As advocates working to reduce the inherent harm of opioid use in Maryland, we applaud Gov. Larry Hogan's administration for properly defining the rapidly growing opioid overdose death toll as a crisis. The 2017 Heroin and Opioid Prevention Treatment and Enforcement Initiative announced last month promises $4 million in additional funding for addiction treatment as well as the creation of an "opioid operational command center" to assist in coordination of federal, state and local resources.
However, we cannot support the proposed Distribution of Opioids Resulting in Death Act (HB 687), which would create a new felony — punishable by up to 30 years — for people who provide the drugs that ultimately contribute to an overdose death.
Policymakers and prosecutors are understandably alarmed at the ongoing overdose epidemic in our state; there were 1,089 opioid-related deaths in Maryland in 2015 and an even greater amount in just the first nine months of 2016. Yet, turning to punitive drug-induced homicide laws as a solution is misguided. Prosecutors hope harsh drug charges will deter those who sell drugs and keep drugs away from users. However, no evidence exists to indicate that the threat of further criminalization of the sale of opioids will reduce overdose fatalities. In fact, such laws are more likely to harm the very people they seek to protect and further reduce access to critical services that have the potential to save lives.
Drug-induced homicide laws also undermine the rationale behind Maryland's Good Samaritan overdose immunity laws, passed in the General Assembly in 2013 and 2015. The most common reason people cite for not calling 911 during an overdose is fear of police involvement. Good Samaritan laws provide limited criminal immunity to those who seek medical assistance in the event of an overdose. Drug-induced homicide laws, on the other hand, discourage people from seeking emergency assistance for fear of prosecution for manslaughter or murder. While Governor Hogan's bill includes a limited criminal immunity provision, we fear the mere imposition of a drug-induced homicide law will cause individuals to think twice about calling 911 regardless of potential immunity, wasting valuable minutes that often determine life or death. Rather than reducing the potential for mortality as intended, a drug-induced homicide law could result in additional overdose deaths.
Presumably, the intent of punishing people who supply drugs with harsh sentences is to deter others from supplying drugs that result in an overdose. However, it's widely understood that punitive sentences for drug offenses have no deterrent effect. In fact, those prosecuted under this law would likely be low-level street dealers rather than the "kingpins" intended to be targeted. In many cases, these dealers may even be adolescents.
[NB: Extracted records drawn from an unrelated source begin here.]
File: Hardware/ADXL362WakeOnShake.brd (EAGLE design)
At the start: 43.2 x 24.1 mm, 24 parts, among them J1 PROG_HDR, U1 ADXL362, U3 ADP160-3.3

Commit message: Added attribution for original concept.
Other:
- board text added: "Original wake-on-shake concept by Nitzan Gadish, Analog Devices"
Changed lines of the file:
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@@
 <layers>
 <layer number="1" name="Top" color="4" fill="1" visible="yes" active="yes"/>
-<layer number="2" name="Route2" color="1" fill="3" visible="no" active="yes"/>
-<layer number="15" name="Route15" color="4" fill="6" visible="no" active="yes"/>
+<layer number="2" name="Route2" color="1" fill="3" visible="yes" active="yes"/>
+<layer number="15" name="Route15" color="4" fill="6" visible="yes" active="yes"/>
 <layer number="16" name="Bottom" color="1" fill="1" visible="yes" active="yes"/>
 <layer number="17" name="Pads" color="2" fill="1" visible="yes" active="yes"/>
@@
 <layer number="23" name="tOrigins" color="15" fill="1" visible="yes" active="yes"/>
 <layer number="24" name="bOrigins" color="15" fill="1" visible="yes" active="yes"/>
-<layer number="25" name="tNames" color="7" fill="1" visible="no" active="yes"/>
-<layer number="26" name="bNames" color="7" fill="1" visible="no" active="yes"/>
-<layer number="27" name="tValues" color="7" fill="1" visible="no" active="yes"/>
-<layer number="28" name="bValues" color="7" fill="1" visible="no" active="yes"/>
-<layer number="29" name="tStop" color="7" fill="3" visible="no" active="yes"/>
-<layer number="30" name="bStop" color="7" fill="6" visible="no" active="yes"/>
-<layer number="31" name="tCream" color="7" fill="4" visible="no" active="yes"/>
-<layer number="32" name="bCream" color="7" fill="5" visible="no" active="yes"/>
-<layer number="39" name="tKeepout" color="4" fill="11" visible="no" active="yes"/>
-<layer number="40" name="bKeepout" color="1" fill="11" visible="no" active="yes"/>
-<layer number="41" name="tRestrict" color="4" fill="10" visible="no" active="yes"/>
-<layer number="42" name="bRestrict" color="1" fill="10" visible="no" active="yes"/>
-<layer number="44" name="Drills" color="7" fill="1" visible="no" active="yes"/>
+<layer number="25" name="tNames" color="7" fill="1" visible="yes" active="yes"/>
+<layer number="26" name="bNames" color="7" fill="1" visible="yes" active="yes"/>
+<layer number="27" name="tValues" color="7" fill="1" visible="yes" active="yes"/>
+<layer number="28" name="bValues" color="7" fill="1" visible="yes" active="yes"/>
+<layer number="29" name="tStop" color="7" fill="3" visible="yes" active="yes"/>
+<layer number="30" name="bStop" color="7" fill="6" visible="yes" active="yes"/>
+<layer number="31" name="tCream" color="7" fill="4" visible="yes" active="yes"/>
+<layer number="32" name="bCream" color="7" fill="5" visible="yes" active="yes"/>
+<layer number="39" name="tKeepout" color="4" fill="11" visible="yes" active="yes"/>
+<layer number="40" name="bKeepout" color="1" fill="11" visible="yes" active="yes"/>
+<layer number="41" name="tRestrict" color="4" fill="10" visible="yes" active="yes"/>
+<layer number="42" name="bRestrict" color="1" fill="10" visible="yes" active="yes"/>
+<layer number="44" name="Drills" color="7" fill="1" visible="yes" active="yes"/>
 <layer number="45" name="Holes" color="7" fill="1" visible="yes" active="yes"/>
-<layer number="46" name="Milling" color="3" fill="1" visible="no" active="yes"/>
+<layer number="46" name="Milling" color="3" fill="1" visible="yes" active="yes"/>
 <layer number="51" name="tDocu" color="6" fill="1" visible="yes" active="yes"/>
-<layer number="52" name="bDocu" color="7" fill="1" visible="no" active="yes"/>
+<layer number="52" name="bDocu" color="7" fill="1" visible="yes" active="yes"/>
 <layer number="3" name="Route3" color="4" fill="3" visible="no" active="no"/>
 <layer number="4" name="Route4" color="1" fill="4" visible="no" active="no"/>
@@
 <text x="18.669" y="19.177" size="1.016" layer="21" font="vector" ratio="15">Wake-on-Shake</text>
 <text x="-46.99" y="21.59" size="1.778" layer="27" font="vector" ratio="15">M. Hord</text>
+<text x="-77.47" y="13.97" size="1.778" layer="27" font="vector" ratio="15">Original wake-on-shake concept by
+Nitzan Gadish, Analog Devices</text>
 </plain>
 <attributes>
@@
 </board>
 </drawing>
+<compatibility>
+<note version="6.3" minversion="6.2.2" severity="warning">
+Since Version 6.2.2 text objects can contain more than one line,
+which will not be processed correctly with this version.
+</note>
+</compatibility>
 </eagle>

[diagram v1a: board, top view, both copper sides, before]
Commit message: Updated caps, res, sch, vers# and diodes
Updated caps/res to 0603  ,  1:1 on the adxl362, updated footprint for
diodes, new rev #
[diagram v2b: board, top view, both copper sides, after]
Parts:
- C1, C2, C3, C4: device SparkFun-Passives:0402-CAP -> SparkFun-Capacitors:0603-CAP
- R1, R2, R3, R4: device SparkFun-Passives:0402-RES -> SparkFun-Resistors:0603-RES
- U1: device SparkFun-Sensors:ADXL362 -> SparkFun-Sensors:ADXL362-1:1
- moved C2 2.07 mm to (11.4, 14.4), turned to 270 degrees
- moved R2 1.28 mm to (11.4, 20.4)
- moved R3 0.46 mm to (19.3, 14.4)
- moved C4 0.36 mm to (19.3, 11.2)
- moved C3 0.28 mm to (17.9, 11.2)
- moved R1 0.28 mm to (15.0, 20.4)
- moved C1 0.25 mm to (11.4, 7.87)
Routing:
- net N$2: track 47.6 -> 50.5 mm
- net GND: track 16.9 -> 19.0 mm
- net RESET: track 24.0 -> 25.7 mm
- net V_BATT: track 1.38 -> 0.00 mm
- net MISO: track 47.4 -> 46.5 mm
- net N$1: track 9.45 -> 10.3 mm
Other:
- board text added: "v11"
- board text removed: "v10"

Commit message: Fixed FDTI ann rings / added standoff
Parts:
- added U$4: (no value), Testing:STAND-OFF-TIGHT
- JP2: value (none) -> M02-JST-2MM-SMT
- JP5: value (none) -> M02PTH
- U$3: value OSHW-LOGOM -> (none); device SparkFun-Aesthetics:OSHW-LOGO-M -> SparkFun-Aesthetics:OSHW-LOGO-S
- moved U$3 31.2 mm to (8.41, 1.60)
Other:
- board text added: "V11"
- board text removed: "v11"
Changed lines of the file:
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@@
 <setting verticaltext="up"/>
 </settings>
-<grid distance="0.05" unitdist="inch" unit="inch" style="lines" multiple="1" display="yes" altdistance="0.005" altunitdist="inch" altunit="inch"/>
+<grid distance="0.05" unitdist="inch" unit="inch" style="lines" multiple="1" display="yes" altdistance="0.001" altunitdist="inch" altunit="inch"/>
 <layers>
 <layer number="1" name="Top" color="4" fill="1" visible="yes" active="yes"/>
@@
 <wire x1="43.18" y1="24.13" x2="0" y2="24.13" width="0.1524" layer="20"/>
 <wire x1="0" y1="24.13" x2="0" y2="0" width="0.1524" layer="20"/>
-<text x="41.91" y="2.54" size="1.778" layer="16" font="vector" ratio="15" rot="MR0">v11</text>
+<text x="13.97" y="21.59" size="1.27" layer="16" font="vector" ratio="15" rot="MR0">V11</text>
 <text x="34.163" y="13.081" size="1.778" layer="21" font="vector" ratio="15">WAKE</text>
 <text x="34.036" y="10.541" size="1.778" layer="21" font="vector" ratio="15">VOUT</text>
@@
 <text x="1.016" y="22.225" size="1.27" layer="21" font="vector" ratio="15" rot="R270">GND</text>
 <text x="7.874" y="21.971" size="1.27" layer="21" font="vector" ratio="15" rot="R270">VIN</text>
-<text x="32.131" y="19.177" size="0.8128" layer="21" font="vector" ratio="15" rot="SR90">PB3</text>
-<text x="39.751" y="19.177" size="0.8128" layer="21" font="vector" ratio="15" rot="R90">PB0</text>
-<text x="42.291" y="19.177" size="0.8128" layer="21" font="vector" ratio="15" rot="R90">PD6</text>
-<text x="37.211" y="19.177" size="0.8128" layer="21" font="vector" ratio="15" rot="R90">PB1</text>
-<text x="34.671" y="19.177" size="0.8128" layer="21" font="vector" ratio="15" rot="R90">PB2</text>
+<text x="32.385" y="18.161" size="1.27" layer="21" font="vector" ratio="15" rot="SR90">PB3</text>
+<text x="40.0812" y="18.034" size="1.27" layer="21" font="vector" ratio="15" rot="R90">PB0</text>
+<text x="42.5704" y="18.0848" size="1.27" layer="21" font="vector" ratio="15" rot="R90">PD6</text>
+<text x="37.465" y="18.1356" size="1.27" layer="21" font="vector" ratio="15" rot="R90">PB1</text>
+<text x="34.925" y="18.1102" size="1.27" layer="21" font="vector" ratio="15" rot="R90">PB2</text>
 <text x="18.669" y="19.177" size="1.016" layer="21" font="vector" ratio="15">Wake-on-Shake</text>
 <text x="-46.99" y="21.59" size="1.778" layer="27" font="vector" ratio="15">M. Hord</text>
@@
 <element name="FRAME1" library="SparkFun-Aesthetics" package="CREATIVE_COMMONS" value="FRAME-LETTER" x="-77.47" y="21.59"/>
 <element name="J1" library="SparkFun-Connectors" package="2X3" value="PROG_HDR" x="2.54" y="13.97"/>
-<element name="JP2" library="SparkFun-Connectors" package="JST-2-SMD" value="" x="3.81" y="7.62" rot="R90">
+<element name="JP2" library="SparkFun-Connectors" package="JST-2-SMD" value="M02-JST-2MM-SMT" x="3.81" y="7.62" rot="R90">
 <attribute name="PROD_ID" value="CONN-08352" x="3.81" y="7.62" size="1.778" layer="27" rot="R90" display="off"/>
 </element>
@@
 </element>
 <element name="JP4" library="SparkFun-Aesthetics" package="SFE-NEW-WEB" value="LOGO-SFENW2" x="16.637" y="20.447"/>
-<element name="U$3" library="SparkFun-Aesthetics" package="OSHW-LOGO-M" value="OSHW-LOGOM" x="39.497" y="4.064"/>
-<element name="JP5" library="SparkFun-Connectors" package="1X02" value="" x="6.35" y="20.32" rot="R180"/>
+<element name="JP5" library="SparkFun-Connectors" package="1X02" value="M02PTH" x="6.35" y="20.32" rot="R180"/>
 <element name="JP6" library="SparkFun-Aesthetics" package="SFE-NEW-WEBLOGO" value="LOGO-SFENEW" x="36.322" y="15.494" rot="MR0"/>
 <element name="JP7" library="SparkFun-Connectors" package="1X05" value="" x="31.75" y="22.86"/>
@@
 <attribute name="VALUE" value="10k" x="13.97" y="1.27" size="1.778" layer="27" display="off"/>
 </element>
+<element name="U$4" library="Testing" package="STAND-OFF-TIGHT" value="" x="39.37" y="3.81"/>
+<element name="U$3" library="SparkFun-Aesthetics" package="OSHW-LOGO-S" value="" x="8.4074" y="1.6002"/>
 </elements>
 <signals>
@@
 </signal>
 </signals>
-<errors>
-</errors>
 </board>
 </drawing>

Even if the law is effective at imprisoning dealers, the supply chain for controlled substances is not eliminated because a single seller is incarcerated, whether for homicide or otherwise. Supply follows demand, not the other way around. Incarceration of drug dealers simply results in a replacement effect, meaning that the market responds to the demand for drugs by merely opening the market for another seller.
On the other hand, legislators in the General Assembly are currently deliberating harm reduction strategies that will result in less overdose deaths, additional treatment for drug users, and reduced incarceration rates. Programs to ensure immediate treatment referral in hospitals and to provide medically-supervised spaces for drug users to consume drugs have been shown to prevent fatalities, increase public safety and increase uptake into addiction treatment. Finally, a bill to change penalties for small amounts of substances, similar to Portugal's successful decriminalization effort, has been introduced.
Drug-induced homicide laws may fulfill an instinct for retribution, but accomplish nothing with respect to reducing demand for drugs or preventing deadly drug overdoses. The governor and his administration, along with the General Assembly, should move away from the criminal justice system as the mechanism for addressing drug use and overdose, and should instead adopt evidence-based harm-reduction strategies to increase access to treatment and health services.